President Recep Tayyip Erdoğan, Russian counterpart Vladimir Putin discussed on Tuesday the Azerbaijan - Armenia conflict in occupied Nagorno-Karabakh and developments in Syria in a phone call.
Nagorno-Karabakh is an Azerbaijani territory that has been under the control of Armenian forces since a war there ended in 1994.
The current fighting that started Sept. 27 marks the worst escalation in the conflict since the war’s end.
After two failed attempts by Russia to broker a truce, the U.S. waded onto the scene on Friday, with Pompeo hosting the Armenian and Azerbaijani foreign ministers for separate talks.

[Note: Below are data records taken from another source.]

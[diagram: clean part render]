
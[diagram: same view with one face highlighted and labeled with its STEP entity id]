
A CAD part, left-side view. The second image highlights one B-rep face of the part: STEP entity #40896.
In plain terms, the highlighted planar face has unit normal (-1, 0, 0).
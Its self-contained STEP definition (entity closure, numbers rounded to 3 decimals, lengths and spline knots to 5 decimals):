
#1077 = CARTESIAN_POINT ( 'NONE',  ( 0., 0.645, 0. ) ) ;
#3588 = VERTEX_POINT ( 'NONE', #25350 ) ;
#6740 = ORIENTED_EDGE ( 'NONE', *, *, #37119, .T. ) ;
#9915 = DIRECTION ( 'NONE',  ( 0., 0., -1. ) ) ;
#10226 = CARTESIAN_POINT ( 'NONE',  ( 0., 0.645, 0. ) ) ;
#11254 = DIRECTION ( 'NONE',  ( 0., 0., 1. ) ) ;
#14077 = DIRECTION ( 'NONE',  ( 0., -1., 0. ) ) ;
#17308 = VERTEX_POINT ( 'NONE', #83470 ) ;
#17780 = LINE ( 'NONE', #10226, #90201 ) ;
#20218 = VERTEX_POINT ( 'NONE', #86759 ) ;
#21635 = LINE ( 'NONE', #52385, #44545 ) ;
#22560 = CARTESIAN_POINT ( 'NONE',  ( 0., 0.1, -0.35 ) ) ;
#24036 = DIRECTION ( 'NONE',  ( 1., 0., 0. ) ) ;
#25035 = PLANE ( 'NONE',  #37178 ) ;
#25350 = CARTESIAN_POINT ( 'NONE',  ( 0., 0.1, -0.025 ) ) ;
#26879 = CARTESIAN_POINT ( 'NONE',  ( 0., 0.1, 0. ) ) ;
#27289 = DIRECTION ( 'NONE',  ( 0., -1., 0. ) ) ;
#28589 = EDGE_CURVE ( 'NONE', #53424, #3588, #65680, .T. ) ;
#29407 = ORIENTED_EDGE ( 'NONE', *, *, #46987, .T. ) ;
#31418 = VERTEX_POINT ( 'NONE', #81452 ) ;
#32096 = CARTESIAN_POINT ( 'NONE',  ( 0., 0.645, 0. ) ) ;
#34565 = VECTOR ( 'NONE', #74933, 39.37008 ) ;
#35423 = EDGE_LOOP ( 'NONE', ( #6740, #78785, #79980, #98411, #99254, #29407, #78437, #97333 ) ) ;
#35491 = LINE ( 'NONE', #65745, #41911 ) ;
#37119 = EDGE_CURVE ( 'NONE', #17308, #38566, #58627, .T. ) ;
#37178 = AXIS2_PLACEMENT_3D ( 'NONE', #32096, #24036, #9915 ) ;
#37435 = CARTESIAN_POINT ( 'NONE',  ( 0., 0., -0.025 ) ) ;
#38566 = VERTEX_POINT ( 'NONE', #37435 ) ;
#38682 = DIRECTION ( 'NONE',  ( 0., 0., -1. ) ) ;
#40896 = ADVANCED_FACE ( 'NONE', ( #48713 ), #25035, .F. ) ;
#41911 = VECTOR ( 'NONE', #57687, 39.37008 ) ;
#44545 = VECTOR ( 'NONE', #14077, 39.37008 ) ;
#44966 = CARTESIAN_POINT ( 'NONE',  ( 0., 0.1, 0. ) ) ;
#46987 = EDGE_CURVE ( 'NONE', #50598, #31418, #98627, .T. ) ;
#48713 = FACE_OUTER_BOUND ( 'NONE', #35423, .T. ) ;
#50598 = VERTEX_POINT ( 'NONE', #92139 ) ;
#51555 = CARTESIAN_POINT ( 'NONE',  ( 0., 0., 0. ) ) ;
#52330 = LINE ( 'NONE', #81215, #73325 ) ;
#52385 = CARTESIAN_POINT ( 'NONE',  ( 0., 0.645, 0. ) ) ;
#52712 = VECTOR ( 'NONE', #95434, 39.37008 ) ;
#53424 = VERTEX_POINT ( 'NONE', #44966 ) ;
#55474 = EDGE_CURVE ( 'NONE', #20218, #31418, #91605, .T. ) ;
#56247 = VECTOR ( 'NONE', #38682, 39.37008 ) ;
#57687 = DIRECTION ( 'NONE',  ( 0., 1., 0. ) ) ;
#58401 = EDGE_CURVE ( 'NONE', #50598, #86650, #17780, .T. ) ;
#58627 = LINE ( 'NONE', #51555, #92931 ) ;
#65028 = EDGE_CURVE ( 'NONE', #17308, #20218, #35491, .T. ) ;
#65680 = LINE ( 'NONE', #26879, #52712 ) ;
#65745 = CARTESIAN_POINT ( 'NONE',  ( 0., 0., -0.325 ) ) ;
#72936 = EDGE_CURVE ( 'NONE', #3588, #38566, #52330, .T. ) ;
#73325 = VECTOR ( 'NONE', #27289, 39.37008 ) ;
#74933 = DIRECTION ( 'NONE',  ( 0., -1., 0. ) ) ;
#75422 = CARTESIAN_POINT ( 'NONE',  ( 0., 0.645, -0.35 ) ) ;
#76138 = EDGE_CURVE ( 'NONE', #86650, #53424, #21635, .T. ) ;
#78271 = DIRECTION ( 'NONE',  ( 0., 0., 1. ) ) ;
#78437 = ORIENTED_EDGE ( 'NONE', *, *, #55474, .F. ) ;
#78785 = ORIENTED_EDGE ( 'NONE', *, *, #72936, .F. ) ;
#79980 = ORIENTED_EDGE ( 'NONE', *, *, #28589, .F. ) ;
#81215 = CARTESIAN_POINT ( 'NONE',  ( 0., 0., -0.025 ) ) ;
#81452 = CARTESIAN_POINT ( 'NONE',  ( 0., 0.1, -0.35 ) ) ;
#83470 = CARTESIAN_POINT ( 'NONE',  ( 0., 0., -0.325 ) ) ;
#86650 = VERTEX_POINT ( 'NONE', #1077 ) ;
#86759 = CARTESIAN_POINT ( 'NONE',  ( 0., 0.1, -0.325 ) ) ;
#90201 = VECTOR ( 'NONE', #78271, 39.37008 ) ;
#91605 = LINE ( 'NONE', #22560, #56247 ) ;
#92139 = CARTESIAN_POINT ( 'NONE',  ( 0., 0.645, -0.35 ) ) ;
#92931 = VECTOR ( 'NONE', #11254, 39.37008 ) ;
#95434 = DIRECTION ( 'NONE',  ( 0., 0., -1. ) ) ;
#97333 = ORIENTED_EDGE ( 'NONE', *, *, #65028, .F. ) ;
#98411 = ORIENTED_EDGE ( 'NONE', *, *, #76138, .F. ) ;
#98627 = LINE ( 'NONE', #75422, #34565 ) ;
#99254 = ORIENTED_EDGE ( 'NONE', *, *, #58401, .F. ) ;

“Both must implement a cease-fire and return to substantive negotiations,” Pompeo said in a tweet after the negotiations and the two sides announced that they reaffirmed commitment to a cease-fire that would start at 8 a.m. on Monday.
However, shortly after the cease-fire came into effect, Armenia continued to attack Azerbaijan, according to Azerbaijani officials.
Following the attack, Turkish Foreign Ministry released a statement, condemning the move.
The Foreign Ministry also pointed at the fact that although Armenia has been violating the cease-fire for the third time, none of the Minsk Group countries have made a statement to condemn its actions.
The Organization for Security and Co-operation in Europe (OSCE) Minsk Group – co-chaired by France, Russia, and the U.S. – was formed in 1992 to find a peaceful solution to the conflict but to no avail. A cease-fire, however, was agreed to in 1994.